Pharmaceutically acceptable organic or inorganic excipients
suitable for non-parenteral administration which do not
deleteriously react with nucleic acids can be used.
[0132] Suitable pharmaceutically acceptable excipients include, but
are not limited to, water, salt solutions, alcohol, polyethylene
glycols, gelatin, lactose, amylose, magnesium stearate, talc,
silicic acid, viscous paraffin, hydroxymethylcellulose,
polyvinylpyrrolidone and the like.
[0133] Other Components
[0134] The compositions of the present invention may additionally
contain other adjunct components conventionally found in
pharmaceutical compositions, at their art-established usage levels.

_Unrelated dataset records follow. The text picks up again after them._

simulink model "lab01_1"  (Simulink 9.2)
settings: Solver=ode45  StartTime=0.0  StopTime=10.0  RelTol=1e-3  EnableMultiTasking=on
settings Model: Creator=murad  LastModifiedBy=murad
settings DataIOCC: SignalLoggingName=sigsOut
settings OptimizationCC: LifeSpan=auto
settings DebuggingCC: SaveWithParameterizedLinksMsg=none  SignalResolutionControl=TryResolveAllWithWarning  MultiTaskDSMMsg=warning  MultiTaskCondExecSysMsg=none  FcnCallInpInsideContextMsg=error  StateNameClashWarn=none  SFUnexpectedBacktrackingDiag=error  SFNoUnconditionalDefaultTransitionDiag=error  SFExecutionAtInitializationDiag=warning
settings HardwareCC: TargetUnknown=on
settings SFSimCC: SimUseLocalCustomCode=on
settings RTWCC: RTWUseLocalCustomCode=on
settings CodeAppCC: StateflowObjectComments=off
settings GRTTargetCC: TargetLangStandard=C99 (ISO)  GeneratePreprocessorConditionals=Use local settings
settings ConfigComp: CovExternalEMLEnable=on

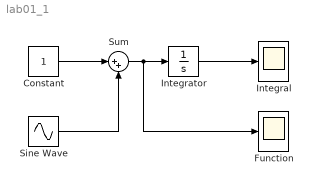
== system lab01_1 ==
  Constant : Constant
  Function : Scope
  Integral : Scope
  Integrator : Integrator
  Sine Wave : Sin  SampleTime=0
  Sum : Sum  Inputs=|++  SaturateOnIntegerOverflow=on
  wires:
  Constant/1 -> Sum/1
  Sum/1 -> Function/1, Integrator/1
  Integrator/1 -> Integral/1
  Sine Wave/1 -> Sum/2
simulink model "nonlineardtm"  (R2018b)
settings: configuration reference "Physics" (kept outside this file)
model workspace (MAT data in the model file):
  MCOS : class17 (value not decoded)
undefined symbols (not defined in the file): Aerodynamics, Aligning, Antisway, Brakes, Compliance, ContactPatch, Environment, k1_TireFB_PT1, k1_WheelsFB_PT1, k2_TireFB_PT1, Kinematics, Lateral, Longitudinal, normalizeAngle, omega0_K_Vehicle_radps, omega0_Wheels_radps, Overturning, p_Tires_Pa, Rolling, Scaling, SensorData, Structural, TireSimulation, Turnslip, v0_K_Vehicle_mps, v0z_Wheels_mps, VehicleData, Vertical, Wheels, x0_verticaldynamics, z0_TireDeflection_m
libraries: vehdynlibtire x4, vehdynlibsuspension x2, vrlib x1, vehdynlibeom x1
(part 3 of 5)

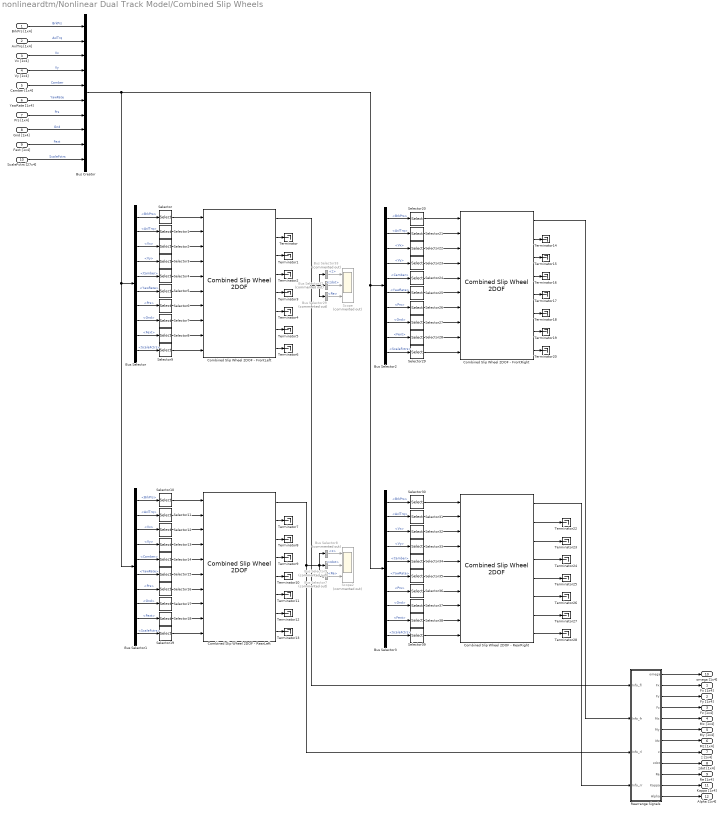
== system nonlineardtm/Nonlinear Dual Track Model/Combined Slip Wheels ==
  BrkPrs [1x4] : Inport
  AxlTrq [1x4] : Inport  Port=2
  Vx [1x4] : Inport  Port=3
  Vy [1x4] : Inport  Port=4
  Camber [1x4] : Inport  Port=5
  YawRate [1x4] : Inport  Port=6
  Prs [1x4] : Inport  Port=7
  Gnd [1x4] : Inport  Port=8
  Fext [1x4] : Inport  Port=9
  ScaleFctrs [27x4] : Inport  Port=10
  Bus Creator : BusCreator  Inputs=10
  Bus Selector{,1..3} (4 alike) : BusSelector  OutputSignals=BrkPrs,AxlTrq,Vx,Vy,Camber,YawRate,Prs,Gnd,Fext,ScaleFctrs
  Bus Selector29 : BusSelector  Commented=on  OutputSignals=Re
  Bus Selector33 : BusSelector  Commented=on  OutputSignals=z
  Bus Selector37 : BusSelector  Commented=on  OutputSignals=zdot
  Bus Selector7 : BusSelector  Commented=on  OutputSignals=Re
  Bus Selector8 : BusSelector  Commented=on  OutputSignals=z
  Bus Selector9 : BusSelector  Commented=on  OutputSignals=zdot
  Combined Slip Wheel 2DOF - FrontLeft : vehdynlibtire/Combined Slip Wheel 2DOF  BrakeType=Disc  mu_static=Brakes.mue_BrakePadsStaticFB (1)  mu_kinetic=Brakes.mue_BrakePadsKineticFB (1)  disk_abore=Brakes.d_BrakeBoreDiameterFB_m (1)  Rm=Brakes.r_BrakePadsMeanLeverRadiusFB_m (1)  num_pads=Brakes.n_BrakePadsNumberFB (1)  drum_abore=0.0508  drum_a=0.123  drum_c=0.212  drum_r=0.15  drum_theta1=0  drum_theta2=126  brake_p_bpt=[1 11.4736842105263 21.9473684210526 32.4210526315789 42.8947368421053 53.3684210526316 63.8421052631579 74.3157894736842 84.7894736842105 95.2631578947368 105.736842105263 116.210526315789 126.684210526316 137.157894736842 147.631578947368 158.105263157895 168.578947368421 179.052631578947 189.526315789474 200]  brake_n_bpt=[0 52.6315789473684 105.263157894737 157.894736842105 210.526315789474 263.157894736842 315.789473684211 368.421052631579 421.052631578947 473.684210526316 526.315789473684 578.947368421053 631.578947368421 684.210526315789 736.842105263158 789.473684210526 842.105263157895 894.736842105263 947.368421052632 1000]  f_brake_t=[43.4900602404453 42.5056030554862 41.5350898940194 40.5780454442085 39.6340111501808 38.7025443887544 37.7832176914519 36.8756180088306 35.9793460143796 35.0940154454303 34.2192524787115 33.3546951383474 32.4999927342521 31.6548053290159 30.8188032315107 29.991666515561 29.1730845621415 28.362755623661 27.5603864089927 26.765691687993;498.991217495636 487.695866636631 476.560505099801 465.579679307235 454.748127933653 444.060772460445 433.51270824929 423.099196101319 412.81565427025 402.657650900201 392.620896861006 382.701238955775 372.894653477208 363.197240090814 353.605216024701 344.114910546964 334.722759712992 325.425301366216 316.219170376863 307.10109410434;954.492374750826 932.886130217776 911.585920305583 890.581313170261 869.862244717126 849.419000532136 829.242198807128 809.322774193808 789.651962526121 770.221286354971 751.0225412433 732.047782773203 713.289314220164 694.739674852612 676.391628817892 658.238154578366 640.272434863842 622.48784710877 604.877954344734 587.436496520688;1409.99353200602 1378.07639379892 1346.61133551136 1315.58294703329 1284.9763615006 1254.77722860383 1224.97168936497 1195.5463522863 1166.48827078199 1137.78492180974 1109.42418562559 1081.39432659063 1053.68397496312 1026.28210961441 999.178041611083 972.361398609768 945.822110014692 919.550392851325 893.536738312604 867.771898937035;1865.49468926121 1823.26665738007 1781.63675071715 1740.58458089631 1700.09047828407 1660.13545667552 1620.7011799228 1581.76993037878 1543.32457903786 1505.34855726451 1467.82583000789 1430.74087040806 1394.07863570608 1357.82454437621 1321.96445440427 1286.48464264117 1251.37178516554 1216.61293859388 1182.19552228048 1148.10730135338;2320.9958465164 2268.45692096121 2216.66216592293 2165.58621475934 2115.20459506754 2065.49368474721 2016.43067048064 1967.99350847127 1920.16088729373 1872.91219271928 1826.22747439018 1780.08741422549 1734.47329644903 1689.36697913801 1644.75086719747 1600.60788667257 1556.92146031639 1513.67548433643 1470.85430624835 1428.44270376973;2776.49700377159 2713.64718454235 2651.68758112871 2590.58784862237 2530.31871185102 2470.8519128189 2412.16016103848 2354.21708656376 2296.9971955496 2240.47582817405 2184.62911877248 2129.43395804292 2074.86795719199 2020.9094138998 1967.53727999066 1914.73113070398 1862.47113546724 1810.73803007899 1759.51309021622 1708.77810618608;3231.99816102678 3158.8374481235 3086.71299633449 3015.58948248539 2945.43282863449 2876.21014089059 2807.88965159632 2740.44066465625 2673.83350380547 2608.03946362882 2543.03076315477 2478.78050186034 2415.26261793494 2352.4518486616 2290.32369278385 2228.85437473538 2168.02081061809 2107.80057582154 2048.17187418409 1989.11350860242;3687.49931828197 3604.02771170464 3521.73841154027 3440.59111634842 3360.54694541796 3281.56836896228 3203.61914215416 3126.66424274874 3050.66981206134 2975.60309908359 2901.43240753707 2828.12704567777 2755.6572786779 2683.9942834234 2613.11010557704 2542.97761876678 2473.57048576894 2404.8631215641 2336.83065815196 2269.44891101877;4143.00047553716 4049.21797528579 3956.76382674606 3865.59275021144 3775.66106220143 3686.92659703397 3599.34863271199 3512.88782084123 3427.50612031721 3343.16673453836 3259.83405191936 3177.4735894952 3096.05193942085 3015.5367181852 2935.89651837023 2857.10086279818 2779.12016091979 2701.92566730665 2625.48944211983 2549.78431343512;4598.50163279235 4494.40823886693 4391.78924195184 4290.59438407447 4190.77517898491 4092.28482510566 3995.07812326983 3899.11139893372 3804.34242857308 3710.73036999313 3618.23569630166 3526.82013331263 3436.44660016381 3347.079152947 3258.68293116342 3171.22410682959 3084.66983607064 2998.98821304921 2914.1482260877 2830.11971585147;5054.00279004754 4939.59850244808 4826.81465715762 4715.59601793749 4605.88929576838 4497.64305317735 4390.80761382767 4285.3349770262 4181.17873682896 4078.2940054479 3976.63734068395 3876.16667713006 3776.84126090677 3678.62158770879 3581.46934395661 3485.34735086099 ...(+2764 chars)]  tireParamSet=vdynPassCar.mat  plySteer=off  turnslip=off  PRESMAX=TireSimulation.PRESMAX(1)  PRESMIN=TireSimulation.PRESMIN(1)  FZMAX=TireSimulation.FZMAX(1)  FZMIN=TireSimulation.FZMIN(1)  VXLOW=TireSimulation.VXLOW(1)  KPUMAX=TireSimulation.KPUMAX(1)  KPUMIN=TireSimulation.KPUMIN(1)  ALPMAX=TireSimulation.ALPMAX(1)  ALPMIN=TireSimulation.ALPMIN(1)  CAMMAX=TireSimulation.CAMMAX(1)  CAMMIN=TireSimulation.CAMMIN(1)  LONGVL=TireSimulation.LONGVL(1)  omegao=omega0_Wheels_radps(1)  br=Wheels.mue_Wheels(1)  UNLOADED_RADIUS=Wheels.UNLOADED_RADIUS(1)  NOMPRES=Wheels.NOMPRES(1)  FNOMIN=Wheels.FNOMIN(1)  WIDTH=Wheels.WIDTH(1)  MASS=Wheels.m_WheelsFB_kg (1)  IYY=Wheels.Iyy_WheelsFB_kgm2 (1)  GRAVITY=- Wheels.a_Gravity_mps2  zo=z0_TireDeflection_m(1)  zdoto=v0z_Wheels_mps(1)  BREFF=Vertical.BREFF(1)  DREFF=Vertical.DREFF(1)  FREFF=Vertical.FREFF(1)  Q_RE0=Vertical.Q_RE0(1)  Q_V1=Vertical.Q_V1(1)  Q_V2=Vertical.Q_V2(1)  Q_FZ1=Vertical.Q_FZ1(1)  Q_FZ2=Vertical.Q_FZ2(1)  Q_FZ3=Vertical.Q_FZ3(1)  Q_FCX=Vertical.Q_FCX(1)  Q_FCY=Vertical.Q_FCY(1)  Q_FCY2=Vertical.Q_FCY2(1)  PFZ1=Vertical.PFZ1(1)  VERTICAL_STIFFNESS=Vertical.VERTICAL_STIFFNESS(1)  VERTICAL_DAMPING=Vertical.VERTICAL_DAMPING(1)  LONGITUDINAL_STIFFNESS=Structural.LONGITUDINAL_STIFFNESS(1)  LATERAL_STIFFNESS=Structural.LATERAL_STIFFNESS(1)  PCFX1=Structural.PCFX1(1)  PCFX2=Structural.PCFX2(1)  PCFX3=Structural.PCFX3(1)  PCFY1=Structural.PCFY1(1)  PCFY2=Structural.PCFY2(1)  PCFY3=Structural.PCFY3(1)  Q_RA1=ContactPatch.Q_RA1(1)  Q_RA2=ContactPatch.Q_RA2(1)  Q_RB1=ContactPatch.Q_RB1(1)  Q_RB2=ContactPatch.Q_RB2(1)  PCX1=Longitudinal.PCX1(1)  PDX1=Longitudinal.PDX1(1)  PDX2=Longitudinal.PDX2(1)  PDX3=Longitudinal.PDX3(1)  PEX1=Longitudinal.PEX1(1)  PEX2=Longitudinal.PEX2(1)  PEX3=Longitudinal.PEX3(1)  PEX4=Longitudinal.PEX4(1)  PKX1=Longitudinal.PKX1(1)  PKX2=Longitudinal.PKX2(1)  PKX3=Longitudinal.PKX3(1)  PHX1=Longitudinal.PHX1(1)  PHX2=Longitudinal.PHX2(1)  PVX1=Longitudinal.PVX1(1)  PVX2=Longitudinal.PVX2(1)  PPX1=Longitudinal.PPX1(1)  PPX2=Longitudinal.PPX2(1)  PPX3=Longitudinal.PPX3(1)  PPX4=Longitudinal.PPX4(1)  RBX1=Longitudinal.RBX1(1)  RBX2=Longitudinal.RBX2(1)  RBX3=Longitudinal.RBX3(1)  RCX1=Longitudinal.RCX1(1)  REX1=Longitudinal.REX1(1)  REX2=Longitudinal.REX2(1)  RHX1=Longitudinal.RHX1(1)  QSX1=Overturning.QSX1(1)  QSX2=Overturning.QSX2(1)  QSX3=Overturning.QSX3(1)  QSX4=Overturning.QSX4(1)  QSX5=Overturning.QSX5(1)  QSX6=Overturning.QSX6(1)  QSX7=Overturning.QSX7(1)  QSX8=Overturning.QSX8(1)  QSX9=Overturning.QSX9(1)  QSX10=Overturning.QSX10(1)  QSX11=Overturning.QSX11(1)  QSX12=Overturning.QSX12(1)  QSX13=Overturning.QSX13(1)  QSX14=Overturning.QSX14(1)  PPMX1=Overturning.PPMX1(1)  PCY1=Lateral.PCY1(1)  PDY1=Lateral.PDY1(1)  PDY2=Lateral.PDY2(1)  PDY3=Lateral.PDY3(1)  PEY1=Lateral.PEY1(1)  PEY2=Lateral.PEY2(1)  PEY3=Lateral.PEY3(1)  PEY4=Lateral.PEY4(1)  PEY5=Lateral.PEY5(1)  PKY1=Lateral.PKY1(1)  PKY2=Lateral.PKY2(1)  PKY3=Lateral.PKY3(1)  PKY4=Lateral.PKY4(1)  PKY5=Lateral.PKY5(1)  PKY6=Lateral.PKY6(1)  PKY7=Lateral.PKY7(1)  PHY1=Lateral.PHY1(1)  PHY2=Lateral.PHY2(1)  PVY1=Lateral.PVY1(1)  PVY2=Lateral.PVY2(1)  PVY3=Lateral.PVY3(1)  PVY4=Lateral.PVY4(1)  PPY1=Lateral.PPY1(1)  PPY2=Lateral.PPY2(1)  PPY3=Lateral.PPY3(1)  PPY4=Lateral.PPY4(1)  PPY5=Lateral.PPY5(1)  RBY1=Lateral.RBY1(1)  RBY2=Lateral.RBY2(1)  RBY3=Lateral.RBY3(1)  RBY4=Lateral.RBY4(1)  RCY1=Lateral.RCY1(1)  REY1=Lateral.REY1(1)  REY2=Lateral.REY2(1)  RHY1=Lateral.RHY1(1)  RHY2=Lateral.RHY2(1)  RVY1=Lateral.RVY1(1)  RVY2=Lateral.RVY2(1)  RVY3=Lateral.RVY3(1)  RVY4=Lateral.RVY4(1)  RVY5=Lateral.RVY5(1)  RVY6=Lateral.RVY6(1)  QSY1=Rolling.QSY1(1)  QSY2=Rolling.QSY2(1)  QSY3=Rolling.QSY3(1)  QSY4=Rolling.QSY4(1)  QSY5=Rolling.QSY5(1)  QSY6=Rolling.QSY6(1)  QSY7=Rolling.QSY7(1)  QSY8=Rolling.QSY8(1)  QBZ1=Aligning.QBZ1(1)  QBZ2=Aligning.QBZ2(1)  QBZ3=Aligning.QBZ3(1)  QBZ4=Aligning.QBZ4(1)  QBZ5=Aligning.QBZ5(1)  QBZ6=Aligning.QBZ6(1)  QBZ9=Aligning.QBZ9(1)  QBZ10=Aligning.QBZ10(1)  QCZ1=Aligning.QCZ1(1)  QDZ1=Aligning.QDZ1(1)  QDZ2=Aligning.QDZ2(1)  QDZ3=Aligning.QDZ3(1)  QDZ4=Aligning.QDZ4(1)  QDZ6=Aligning.QDZ6(1)  QDZ7=Aligning.QDZ7(1)  QDZ8=Aligning.QDZ8(1)  QDZ9=Aligning.QDZ9(1)  QDZ10=Aligning.QDZ10(1)  QDZ11=Aligning.QDZ11(1)  QEZ1=Aligning.QEZ1(1)  QEZ2=Aligning.QEZ2(1)  QEZ3=Aligning.QEZ3(1)  QEZ4=Aligning.QEZ4(1)  QEZ5=Aligning.QEZ5(1)  QHZ1=Aligning.QHZ1(1)  QHZ2=Aligning.QHZ2(1)  QHZ3=Aligning.QHZ3(1)  QHZ4=Aligning.QHZ4(1)  PPZ1=Aligning.PPZ1(1)  PPZ2=Aligning.PPZ2(1)  SSZ1=Aligning.SSZ1(1)  SSZ2=Aligning.SSZ2(1)  SSZ3=Aligning.SSZ3(1)  SSZ4=Aligning.SSZ4(1)  PDXP1=Turnslip.PDXP1(1)  PDXP2=Turnslip.PDXP2(1)  PDXP3=Turnslip.PDXP3(1)  PKYP1=Turnslip.PKYP1(1)  PDYP1=Turnslip.PDYP1(1)  PDYP2=Turnslip.PDYP2(1)  PDYP3=Turnslip.PDYP3(1)  PDYP4=Turnslip.PDYP4(1)  PHYP1=Turnslip.PHYP1(1)  PHYP2=Turnslip.PHYP2(1)  PHYP3=Turnslip.PHYP3(1)  PHYP4=Turnslip.PHYP4(1)  PECP1=Turnslip.PECP1(1)  PECP2=Turnslip.PECP2(1)  QDTP1=Turnslip.QDTP1(1)  QCRP1=Turnslip.QCRP1(1)  QCRP2=Turnslip.QCRP2(1)  QBRP1=Turnslip.QBRP1(1)  QDRP1=Turnslip.QDRP1(1)  QDRP2=Turnslip.QDRP2(1)  aMode=2
      settings: SourceProductName=Vehicle Dynamics Blockset  SourceProductBaseCode=VE
  Combined Slip Wheel 2DOF - FrontRight : vehdynlibtire/Combined Slip Wheel 2DOF  BrakeType=Disc  mu_static=Brakes.mue_BrakePadsStaticFB (1)  mu_kinetic=Brakes.mue_BrakePadsKineticFB (1)  disk_abore=Brakes.d_BrakeBoreDiameterFB_m (1)  Rm=Brakes.r_BrakePadsMeanLeverRadiusFB_m (1)  num_pads=Brakes.n_BrakePadsNumberFB (1)  drum_abore=0.0508  drum_a=0.123  drum_c=0.212  drum_r=0.15  drum_theta1=0  drum_theta2=126  brake_p_bpt=[1 11.4736842105263 21.9473684210526 32.4210526315789 42.8947368421053 53.3684210526316 63.8421052631579 74.3157894736842 84.7894736842105 95.2631578947368 105.736842105263 116.210526315789 126.684210526316 137.157894736842 147.631578947368 158.105263157895 168.578947368421 179.052631578947 189.526315789474 200]  brake_n_bpt=[0 52.6315789473684 105.263157894737 157.894736842105 210.526315789474 263.157894736842 315.789473684211 368.421052631579 421.052631578947 473.684210526316 526.315789473684 578.947368421053 631.578947368421 684.210526315789 736.842105263158 789.473684210526 842.105263157895 894.736842105263 947.368421052632 1000]  f_brake_t=[43.4900602404453 42.5056030554862 41.5350898940194 40.5780454442085 39.6340111501808 38.7025443887544 37.7832176914519 36.8756180088306 35.9793460143796 35.0940154454303 34.2192524787115 33.3546951383474 32.4999927342521 31.6548053290159 30.8188032315107 29.991666515561 29.1730845621415 28.362755623661 27.5603864089927 26.765691687993;498.991217495636 487.695866636631 476.560505099801 465.579679307235 454.748127933653 444.060772460445 433.51270824929 423.099196101319 412.81565427025 402.657650900201 392.620896861006 382.701238955775 372.894653477208 363.197240090814 353.605216024701 344.114910546964 334.722759712992 325.425301366216 316.219170376863 307.10109410434;954.492374750826 932.886130217776 911.585920305583 890.581313170261 869.862244717126 849.419000532136 829.242198807128 809.322774193808 789.651962526121 770.221286354971 751.0225412433 732.047782773203 713.289314220164 694.739674852612 676.391628817892 658.238154578366 640.272434863842 622.48784710877 604.877954344734 587.436496520688;1409.99353200602 1378.07639379892 1346.61133551136 1315.58294703329 1284.9763615006 1254.77722860383 1224.97168936497 1195.5463522863 1166.48827078199 1137.78492180974 1109.42418562559 1081.39432659063 1053.68397496312 1026.28210961441 999.178041611083 972.361398609768 945.822110014692 919.550392851325 893.536738312604 867.771898937035;1865.49468926121 1823.26665738007 1781.63675071715 1740.58458089631 1700.09047828407 1660.13545667552 1620.7011799228 1581.76993037878 1543.32457903786 1505.34855726451 1467.82583000789 1430.74087040806 1394.07863570608 1357.82454437621 1321.96445440427 1286.48464264117 1251.37178516554 1216.61293859388 1182.19552228048 1148.10730135338;2320.9958465164 2268.45692096121 2216.66216592293 2165.58621475934 2115.20459506754 2065.49368474721 2016.43067048064 1967.99350847127 1920.16088729373 1872.91219271928 1826.22747439018 1780.08741422549 1734.47329644903 1689.36697913801 1644.75086719747 1600.60788667257 1556.92146031639 1513.67548433643 1470.85430624835 1428.44270376973;2776.49700377159 2713.64718454235 2651.68758112871 2590.58784862237 2530.31871185102 2470.8519128189 2412.16016103848 2354.21708656376 2296.9971955496 2240.47582817405 2184.62911877248 2129.43395804292 2074.86795719199 2020.9094138998 1967.53727999066 1914.73113070398 1862.47113546724 1810.73803007899 1759.51309021622 1708.77810618608;3231.99816102678 3158.8374481235 3086.71299633449 3015.58948248539 2945.43282863449 2876.21014089059 2807.88965159632 2740.44066465625 2673.83350380547 2608.03946362882 2543.03076315477 2478.78050186034 2415.26261793494 2352.4518486616 2290.32369278385 2228.85437473538 2168.02081061809 2107.80057582154 2048.17187418409 1989.11350860242;3687.49931828197 3604.02771170464 3521.73841154027 3440.59111634842 3360.54694541796 3281.56836896228 3203.61914215416 3126.66424274874 3050.66981206134 2975.60309908359 2901.43240753707 2828.12704567777 2755.6572786779 2683.9942834234 2613.11010557704 2542.97761876678 2473.57048576894 2404.8631215641 2336.83065815196 2269.44891101877;4143.00047553716 4049.21797528579 3956.76382674606 3865.59275021144 3775.66106220143 3686.92659703397 3599.34863271199 3512.88782084123 3427.50612031721 3343.16673453836 3259.83405191936 3177.4735894952 3096.05193942085 3015.5367181852 2935.89651837023 2857.10086279818 2779.12016091979 2701.92566730665 2625.48944211983 2549.78431343512;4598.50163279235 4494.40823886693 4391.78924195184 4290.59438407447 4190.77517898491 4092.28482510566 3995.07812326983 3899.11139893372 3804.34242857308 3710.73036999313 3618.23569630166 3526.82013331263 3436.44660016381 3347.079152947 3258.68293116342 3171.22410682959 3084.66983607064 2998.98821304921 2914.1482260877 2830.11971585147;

Thus, for example, the compositions may contain additional,
compatible, pharmaceutically-active materials such as, for example,
antipruritics, astringents, local anesthetics or anti-inflammatory
agents, or may contain additional materials useful in physically
formulating various dosage forms of the compositions of the present
invention, such as dyes, flavoring agents, preservatives,
antioxidants, opacifiers, thickening agents and stabilizers.
However, such materials, when added, should not unduly interfere
with the biological activities of the components of the
compositions of the present invention. The formulations can be
sterilized and, if desired, mixed with auxiliary agents, e.g.,
lubricants, preservatives, stabilizers, wetting agents,
emulsifiers, salts for influencing osmotic pressure, buffers,
colorings, flavorings and/or aromatic substances and the like which
do not deleteriously interact with the nucleic acid(s) of the
formulation.
[0135] Aqueous suspensions may contain substances which increase
the viscosity of the suspension including, for example, sodium
carboxymethylcellulose, sorbitol and/or dextran. The suspension may
also contain stabilizers.
[0136] Certain embodiments of the invention provide pharmaceutical
compositions containing (a) one or more antisense compounds and (b)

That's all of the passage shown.